PORTLAND, Ore.(KOIN) — Is Oregon prepared for a possible, and probably inevitable, catastrophic disaster? 

Secretary of State Dennis Richardson and the office’s audit team believe the answer is no. 

On Thursday morning, the secretary of state’s office released an audit report directed toward Gov. Kate Brown and the state’s Office of Emergency Management, providing 11 recommendations to make the state more prepared for emergencies that they call “unpredictable” and “inevitable.” 

In particular, the audit urges the state to improve emergency management before “The Big One,” a massive earthquake that could rattle the entire West Coast. 

Here’s how the audit report defines that possibility: 

One of the most well-publicized risks is from a 9.0 magnitude earthquake along the entire 700-mile Cascadia Subduction Zone with subsequent tsunamis and aftershocks. This event is predicted to destroy transportation and fuel infrastructure across the Pacific Northwest, cost Oregon more than $30 billion in direct and economic losses, and result in anywhere from 1,250 to more than 10,000 deaths.

There is no way to prevent such an event from happening. Yet with effective emergency management, government officials can take action in advance to minimize the damage.

Part of the preparedness, the secretary of state’s office says, includes meeting standards toward the Emergency Management Accreditation Program. The audit says Oregon doesn’t meet several of them.

Geology professor Scott Burns said, “Seventy-five percent of our infrastructure, our buildings, our houses, our bridges were built before that period of time. Everything is out of code. It’s just not designed.”

Andrew Phelps, director of the Office of Emergency Management, gave KOIN 6 News several points of how Oregon isn’t prepared for a disaster and the state can improve.

“We could always be doing more exercises and additional training. I think that’s a huge component of any emergency management program. I think we can also look at how we are staffed — not just here at OEM, but local emergency managers,” Phelps said.

Phelps also said that a lot of the state’s buildings and structures are “seismically vulnerable.” However, a transportation package was recently passed — which will fund some seismic retrofits and upgrade transportation infrastructure. 

Part of the issue, according to the audit report, is Oregon’s staff size. It says Oregon has the 12th smallest Office of Emergency Management staff in the country. The audit suggests this could have implications, including financial, if the state were to encounter a catastrophic disaster. 

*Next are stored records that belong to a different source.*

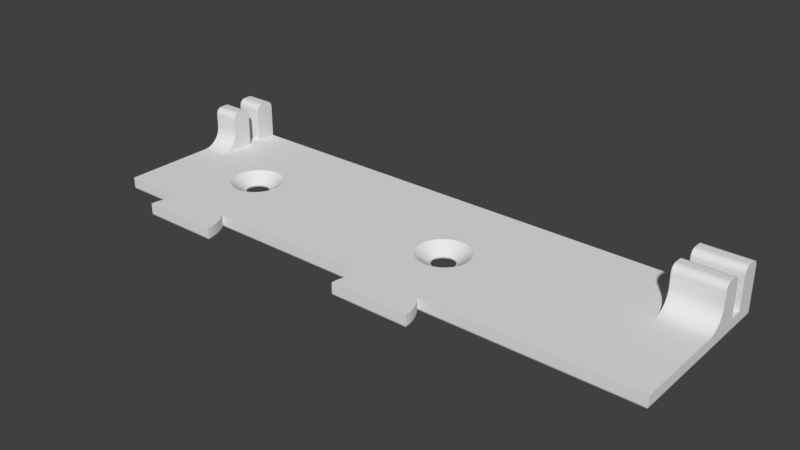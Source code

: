 # Source: arduino_support.blend  (saved by Blender 2.79.0; exported with 4.5.12 LTS)
import bpy
from mathutils import Matrix  # noqa: F401  (used for matrix-valued properties, if any)

bpy.ops.wm.read_factory_settings(use_empty=True)
scene = bpy.context.scene
scene.name = 'Scene'

# ---- collections
col_collection_20 = bpy.data.collections.new('Collection 20'); scene.collection.children.link(col_collection_20)

# ---- world
world_world = bpy.data.worlds.new('World'); scene.world = world_world
world_world.color = (0.05088, 0.05088, 0.05088)
world_world.use_sun_shadow = False
world_world.sun_shadow_jitter_overblur = 0.0
world_world.cycles.sampling_method = 'MANUAL'

# ---- meshes
me_startmodul = bpy.data.meshes.new('Startmodul')
me_startmodul.from_pydata([(51.65, 14.44, 0.5), (51.69, 14.36, 0.3706), (51.7, 14.0, 0.5), (51.72, 14.0, 0.3706), (51.69, 13.64, 0.3706), (51.78, 14.0, 0.25), (51.74, 13.63, 0.25), (51.87, 14.0, 0.1464), (51.83, 13.61, 0.1464), (51.98, 14.0, 0.06699), (51.94, 13.59, 0.06699), (52.11, 14.0, 0.01704), (52.07, 13.56, 0.01704), (52.25, 14.0, 0.0), (52.19, 13.48, 0.0), (51.57, 14.7, 0.3706), (51.48, 14.85, 0.5), (51.39, 15.01, 0.3706), (51.21, 15.21, 0.5), (51.15, 15.28, 0.3706), (50.85, 15.48, 0.5), (50.86, 15.49, 0.3706), (50.53, 15.64, 0.3706), (50.55, 15.69, 0.25), (50.19, 15.77, 0.25), (50.2, 15.86, 0.1464), (49.8, 15.86, 0.1464), (49.79, 15.97, 0.06699), (49.39, 15.88, 0.06699), (49.35, 16.01, 0.01704), (48.94, 15.83, 0.01704), (48.87, 15.95, 0.0), (48.59, 15.57, 0.01704), (48.45, 15.64, 0.0), (48.29, 15.24, 0.01704), (48.12, 15.24, 0.0), (48.07, 14.86, 0.01704), (47.88, 14.77, 0.0), (47.93, 14.44, 0.01704), (47.76, 14.26, 0.0), (47.89, 14.0, 0.01704), (47.76, 13.74, 0.0), (47.93, 13.56, 0.01704), (47.88, 13.23, 0.0), (48.07, 13.14, 0.01704), (48.12, 12.76, 0.0), (48.29, 12.76, 0.01704), (48.45, 12.36, 0.0), (48.59, 12.43, 0.01704), (48.87, 12.05, 0.0), (48.94, 12.17, 0.01704), (49.35, 11.99, 0.01704), (49.01, 12.29, 0.06699), (49.39, 12.12, 0.06699), (49.07, 12.38, 0.1464), (49.42, 12.23, 0.1464), (49.11, 12.46, 0.25), (49.45, 12.31, 0.25), (49.14, 12.51, 0.3706), (49.47, 12.36, 0.3706), (49.15, 12.52, 0.5), (49.56, 12.35, 0.5), (50.44, 15.65, 0.5), (50.18, 15.71, 0.3706), (49.81, 15.77, 0.25), (49.42, 15.77, 0.1464), (49.01, 15.71, 0.06699), (50.0, 15.7, 0.5), (49.82, 15.71, 0.3706), (49.45, 15.69, 0.25), (49.07, 15.62, 0.1464), (48.68, 15.47, 0.06699), (49.56, 15.65, 0.5), (49.47, 15.64, 0.3706), (49.11, 15.54, 0.25), (48.75, 15.39, 0.1464), (48.4, 15.16, 0.06699), (49.15, 15.48, 0.5), (49.14, 15.49, 0.3706), (48.81, 15.32, 0.25), (48.49, 15.1, 0.1464), (48.19, 14.81, 0.06699), (48.85, 15.28, 0.3706), (48.79, 15.21, 0.5), (48.61, 15.01, 0.3706), (48.52, 14.85, 0.5), (48.43, 14.7, 0.3706), (48.35, 14.44, 0.5), (48.31, 14.36, 0.3706), (48.29, 14.0, 0.5), (48.28, 14.0, 0.3706), (48.31, 13.64, 0.3706), (48.26, 13.63, 0.25), (48.38, 13.28, 0.25), (48.3, 13.24, 0.1464), (48.49, 12.9, 0.1464), (48.4, 12.84, 0.06699), (48.68, 12.53, 0.06699), (48.35, 13.56, 0.5), (48.43, 13.3, 0.3706), (48.56, 12.95, 0.25), (48.75, 12.61, 0.1464), (48.52, 13.15, 0.5), (48.61, 12.99, 0.3706), (48.81, 12.68, 0.25), (48.79, 12.79, 0.5), (48.85, 12.72, 0.3706), (49.82, 12.29, 0.3706), (50.0, 12.3, 0.5), (50.18, 12.29, 0.3706), (50.44, 12.35, 0.5), (50.53, 12.36, 0.3706), (50.85, 12.52, 0.5), (50.86, 12.51, 0.3706), (51.15, 12.72, 0.3706), (51.19, 12.68, 0.25), (51.44, 12.95, 0.25), (51.51, 12.9, 0.1464), (51.7, 13.24, 0.1464), (51.81, 13.19, 0.06699), (51.21, 12.79, 0.5), (51.39, 12.99, 0.3706), (51.62, 13.28, 0.25), (51.48, 13.15, 0.5), (51.57, 13.3, 0.3706), (51.65, 13.56, 0.5), (51.93, 13.14, 0.01704), (52.02, 12.99, 0.0), (51.71, 12.76, 0.01704), (51.73, 12.55, 0.0), (51.41, 12.43, 0.01704), (51.35, 12.19, 0.0), (51.06, 12.17, 0.01704), (50.89, 11.93, 0.0), (50.65, 11.99, 0.01704), (50.39, 11.78, 0.0), (50.22, 11.9, 0.01704), (49.87, 11.75, 0.0), (49.78, 11.9, 0.01704), (49.35, 11.84, 0.0), (49.35, 16.16, 0.0), (49.78, 16.1, 0.01704), (50.21, 15.97, 0.06699), (50.58, 15.77, 0.1464), (50.89, 15.54, 0.25), (49.87, 16.25, 0.0), (50.22, 16.1, 0.01704), (50.61, 15.88, 0.06699), (50.93, 15.62, 0.1464), (51.19, 15.32, 0.25), (50.39, 16.22, 0.0), (50.65, 16.01, 0.01704), (50.99, 15.71, 0.06699), (51.25, 15.39, 0.1464), (51.44, 15.05, 0.25), (50.89, 16.07, 0.0), (51.06, 15.83, 0.01704), (51.32, 15.47, 0.06699), (51.51, 15.1, 0.1464), (51.62, 14.72, 0.25), (51.35, 15.81, 0.0), (51.41, 15.57, 0.01704), (51.6, 15.16, 0.06699), (51.7, 14.76, 0.1464), (51.74, 14.37, 0.25), (51.73, 15.45, 0.0), (51.71, 15.24, 0.01704), (51.81, 14.81, 0.06699), (51.83, 14.39, 0.1464), (52.02, 15.01, 0.0), (51.93, 14.86, 0.01704), (51.94, 14.41, 0.06699), (52.19, 14.52, 0.0), (52.07, 14.44, 0.01704), (48.22, 14.0, 0.25), (48.26, 14.37, 0.25), (48.38, 14.72, 0.25), (48.56, 15.05, 0.25), (48.13, 14.0, 0.1464), (48.17, 14.39, 0.1464), (48.3, 14.76, 0.1464), (48.17, 13.61, 0.1464), (48.06, 13.59, 0.06699), (48.02, 14.0, 0.06699), (48.06, 14.41, 0.06699), (48.19, 13.19, 0.06699), (49.81, 12.23, 0.25), (50.19, 12.23, 0.25), (50.55, 12.31, 0.25), (50.89, 12.46, 0.25), (49.8, 12.14, 0.1464), (50.2, 12.14, 0.1464), (50.58, 12.23, 0.1464), (50.93, 12.38, 0.1464), (51.25, 12.61, 0.1464), (49.79, 12.03, 0.06699), (50.21, 12.03, 0.06699), (50.61, 12.12, 0.06699), (50.99, 12.29, 0.06699), (51.32, 12.53, 0.06699), (51.6, 12.84, 0.06699), (17.19, 14.52, 0.0), (17.26, 14.0, 0.0), (17.19, 13.48, 0.0), (17.02, 12.99, 0.0), (16.73, 12.55, 0.0), (16.35, 12.19, 0.0), (15.89, 11.93, 0.0), (15.39, 11.78, 0.0), (0.5, 0.5, 0.0), (14.87, 11.75, 0.0), (14.35, 11.84, 0.0), (13.87, 12.05, 0.0), (13.45, 12.36, 0.0), (13.12, 12.76, 0.0), (12.88, 13.23, 0.0), (12.76, 13.74, 0.0), (0.5, 24.5, 0.0), (12.76, 14.26, 0.0), (12.88, 14.77, 0.0), (13.12, 15.24, 0.0), (13.45, 15.64, 0.0), (13.87, 15.95, 0.0), (14.35, 16.16, 0.0), (11.84, 24.5, 0.0), (14.87, 16.25, 0.0), (18.16, 24.5, 0.0), (15.39, 16.22, 0.0), (15.89, 16.07, 0.0), (16.35, 15.81, 0.0), (16.73, 15.45, 0.0), (17.02, 15.01, 0.0), (46.84, 24.5, 0.0), (53.16, 24.5, 0.0), (84.5, 24.5, 0.0), (84.5, 0.5, 0.0), (53.69, 24.93, 0.0), (46.31, 24.93, 0.0), (54.17, 25.41, 0.0), (45.83, 25.41, 0.0), (54.58, 25.96, 0.0), (45.42, 25.96, 0.0), (54.92, 26.55, 0.0), (45.08, 26.55, 0.0), (55.19, 27.17, 0.0), (44.81, 27.17, 0.0), (55.37, 27.83, 0.0), (44.63, 27.83, 0.0), (55.48, 28.5, 0.0), (44.52, 28.5, 0.0), (18.69, 24.93, 0.0), (11.31, 24.93, 0.0), (19.17, 25.41, 0.0), (10.83, 25.41, 0.0), (19.58, 25.96, 0.0), (10.42, 25.96, 0.0), (19.92, 26.55, 0.0), (10.08, 26.55, 0.0), (20.19, 27.17, 0.0), (9.813, 27.17, 0.0), (20.37, 27.83, 0.0), (9.627, 27.83, 0.0), (20.48, 28.5, 0.0), (9.523, 28.5, 0.0), (16.65, 14.44, 0.5), (16.69, 14.36, 0.3706), (16.71, 14.0, 0.5), (16.72, 14.0, 0.3706), (16.69, 13.64, 0.3706), (16.78, 14.0, 0.25), (16.74, 13.63, 0.25), (16.87, 14.0, 0.1464), (16.83, 13.61, 0.1464), (16.98, 14.0, 0.06699), (16.94, 13.59, 0.06699), (17.11, 14.0, 0.01704), (17.07, 13.56, 0.01704), (16.57, 14.7, 0.3706), (16.48, 14.85, 0.5), (16.39, 15.01, 0.3706), (16.21, 15.21, 0.5), (16.15, 15.28, 0.3706), (15.85, 15.48, 0.5), (15.86, 15.49, 0.3706), (15.53, 15.64, 0.3706), (15.55, 15.69, 0.25), (15.19, 15.77, 0.25), (15.2, 15.86, 0.1464), (14.8, 15.86, 0.1464), (14.79, 15.97, 0.06699), (14.39, 15.88, 0.06699), (14.35, 16.01, 0.01704), (13.94, 15.83, 0.01704), (13.59, 15.57, 0.01704), (13.29, 15.24, 0.01704), (13.07, 14.86, 0.01704), (12.93, 14.44, 0.01704), (12.89, 14.0, 0.01704), (12.93, 13.56, 0.01704), (13.07, 13.14, 0.01704), (13.29, 12.76, 0.01704), (13.59, 12.43, 0.01704), (13.94, 12.17, 0.01704), (14.35, 11.99, 0.01704), (14.01, 12.29, 0.06699), (14.39, 12.12, 0.06699), (14.07, 12.38, 0.1464), (14.42, 12.23, 0.1464), (14.11, 12.46, 0.25), (14.45, 12.31, 0.25), (14.14, 12.51, 0.3706), (14.47, 12.36, 0.3706), (14.15, 12.52, 0.5), (14.56, 12.35, 0.5), (15.44, 15.65, 0.5), (15.18, 15.71, 0.3706), (14.81, 15.77, 0.25), (14.42, 15.77, 0.1464), (14.01, 15.71, 0.06699), (15.0, 15.7, 0.5), (14.82, 15.71, 0.3706), (14.45, 15.69, 0.25), (14.07, 15.62, 0.1464), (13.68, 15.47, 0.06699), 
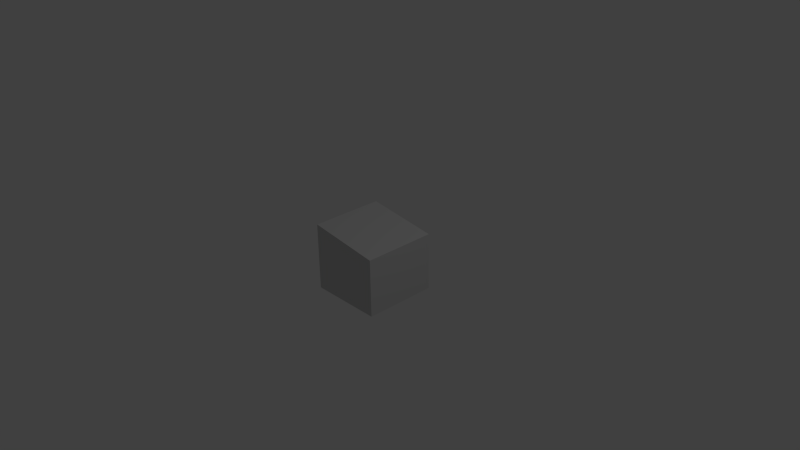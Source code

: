 # Source: block_1_8.blend  (saved by Blender 2.62.0; exported with 4.5.12 LTS)
import bpy
from mathutils import Matrix  # noqa: F401  (used for matrix-valued properties, if any)

bpy.ops.wm.read_factory_settings(use_empty=True)
scene = bpy.context.scene
scene.name = 'Scene'

# ---- collections
col_collection_1 = bpy.data.collections.new('Collection 1'); scene.collection.children.link(col_collection_1)

# ---- materials (node trees are filled in below, after node groups)
mat_material_001 = bpy.data.materials.new('Material.001')
mat_material_001.alpha_threshold = 0.0
mat_material_001.use_transparent_shadow = False
mat_material_001.diffuse_color = (0.64, 0.64, 0.64, 1.0)
mat_material_001.specular_color = (0.5, 0.5, 0.5)
mat_material_001.roughness = 0.5
mat_material_001.specular_intensity = 1.0
mat_material_001.line_color = (0.0, 0.0, 0.0, 1.0)

# ---- material node trees

# ---- world
world_world = bpy.data.worlds.new('World'); scene.world = world_world
world_world.color = (0.05088, 0.05088, 0.05088)
world_world.use_sun_shadow = False
world_world.sun_shadow_jitter_overblur = 0.0
world_world.cycles.sampling_method = 'MANUAL'
world_world.cycles.sample_map_resolution = 256

# ---- cameras
cam_camera = bpy.data.cameras.new('Camera')
cam_camera.clip_end = 100.0
cam_camera.lens = 35.0
cam_camera.sensor_width = 32.0
cam_camera.sensor_height = 18.0
cam_camera.ortho_scale = 7.314
cam_camera.dof.focus_distance = 0.0
cam_camera.dof.aperture_fstop = 128.0

# ---- lights
light_lamp = bpy.data.lights.new('Lamp', 'POINT')
light_lamp.transmission_factor = 0.0
light_lamp.cutoff_distance = 30.0
light_lamp.energy = 100.0
light_lamp.shadow_buffer_clip_start = 1.001
light_lamp.shadow_soft_size = 1.0
light_lamp.shadow_maximum_resolution = 0.006
light_lamp.use_absolute_resolution = True
light_lamp.cycles.use_multiple_importance_sampling = False

# ---- meshes
me_cube_7_8_cube_013 = bpy.data.meshes.new('Cube.7_8_Cube.013')
me_cube_7_8_cube_013.from_pydata([(0.5, -0.5, 0.5), (-0.5, -0.5, 0.5), (-0.5, -0.5, -0.5), (0.5, -0.5, -0.5), (0.5, 0.2904, -0.5), (0.5, 0.2904, 0.5), (-0.5, 0.4221, 0.5), (-0.5, 0.4221, -0.5)], [], [(0, 1, 2, 3), (0, 3, 4, 5), (1, 0, 5, 6), (7, 2, 1, 6), (4, 3, 2, 7), (7, 6, 5, 4)])
_uv = me_cube_7_8_cube_013.uv_layers.new(name='UVMap')
_uv.uv.foreach_set('vector', [0.0, 1.001, 0.0, 0.000734, 1.0, 0.000734, 1.0, 1.001, 0.000179, 3.9e-05, 1.0, 3.8e-05, 1.0, 0.7904, 0.000179, 0.7904, 0.0, -0.000833, 1.0, -0.000833, 1.0, 0.7896, 0.0, 0.9212, 1.0, 0.07793, 1.0, 1.0, 0.0, 1.0, 0.0, 0.07793, 1.001, 0.2102, 1.001, 1.001, 0.000667, 1.001, 0.000667, 0.07853, 0.0, 0.0, 1.0, 0.0, 1.0, 1.0, 0.0, 1.0])
me_cube_7_8_cube_013.materials.append(mat_material_001)
me_cube_7_8_cube_013.use_remesh_preserve_volume = False
me_cube_7_8_cube_013.use_remesh_preserve_attributes = False
me_cube_7_8_cube_013.use_mirror_vertex_groups = False
me_cube_7_8_cube_013.update()

# ---- objects
ob_mesh_007 = bpy.data.objects.new('Mesh.007', me_cube_7_8_cube_013)
ob_lamp = bpy.data.objects.new('Lamp', light_lamp)
ob_camera = bpy.data.objects.new('Camera', cam_camera)

# ---- transforms, parenting, visibility, modifiers, constraints
ob_mesh_007.location = (0.0, 0.0, 0.0)
ob_mesh_007.rotation_euler = (1.571, -0.0, 0.0)
ob_mesh_007.lineart.crease_threshold = 0.0
ob_lamp.location = (4.076, 1.005, 5.904)
ob_lamp.rotation_euler = (0.6503, 0.05522, 1.866)
ob_lamp.lock_rotations_4d = False
ob_lamp.empty_display_type = 'ARROWS'
ob_lamp.color = (0.0, 0.0, 0.0, 0.0)
ob_lamp.lineart.crease_threshold = 0.0
ob_camera.location = (7.481, -6.508, 5.344)
ob_camera.rotation_euler = (1.109, 0.01082, 0.8149)
ob_camera.lock_rotations_4d = False
ob_camera.empty_display_type = 'ARROWS'
ob_camera.color = (0.0, 0.0, 0.0, 0.0)
ob_camera.display_type = 'WIRE'
ob_camera.lineart.crease_threshold = 0.0

# ---- collection membership
col_collection_1.objects.link(ob_mesh_007)
col_collection_1.objects.link(ob_lamp)
col_collection_1.objects.link(ob_camera)

# ---- scene / render settings (as saved in the file)
scene.camera = ob_camera
scene.frame_start = 1; scene.frame_end = 250; scene.frame_set(1)
scene.render.engine = 'BLENDER_EEVEE_NEXT'
scene.render.image_settings.color_mode = 'RGB'
scene.render.image_settings.compression = 90
scene.render.resolution_percentage = 50
scene.render.dither_intensity = 0.0
scene.render.bake_margin = 2
scene.render.bake_bias = 0.0
scene.cycles.use_denoising = False
scene.cycles.samples = 10
scene.cycles.sampling_pattern = 'TABULATED_SOBOL'
scene.cycles.light_sampling_threshold = 0.0
scene.cycles.use_adaptive_sampling = False
scene.cycles.use_light_tree = False
scene.cycles.blur_glossy = 0.0
scene.cycles.volume_bounces = 1
scene.cycles.pixel_filter_type = 'GAUSSIAN'
scene.cycles.sample_clamp_indirect = 0.0
scene.view_settings.view_transform = 'Standard'
bpy.context.view_layer.update()

“I would say surviving a Cascadia earthquake isn’t probable, but possible,” Phelps said.

Among other recommendations, the audit requested more accountability for The Oregon Resilience Plan, a taskforce formed in 2013 to reduce risk for the next earthquake and tsunami.The audit suggests some recommendations from the plan have been enacted, but a lack of accountability could “risk that momentum could be lost and they could be abandoned.”

The Office of Emergency Management and Gov. Kate Brown were very receptive to the recommendations made by the Secretary of State’s Office. Letters including acknowledgement of the recommendations and responses — every recommendations was agreed upon except one by Brown, because she said it’s already been accomplished — were included in the audit. 

After the audit was released, Brown said in a statement,

“For Oregon communities and our economy to thrive, we must ensure our state is resilient and able to quickly recovery from a catastrophic event. We’ve taken critical steps toward bolstering statewide resilience in recent years, and I commit to continuing to work with the Legislature to ensure state agencies and local jurisdictions are even better prepared. As Oregonians, we all have a stake in building a more resilient Oregon.”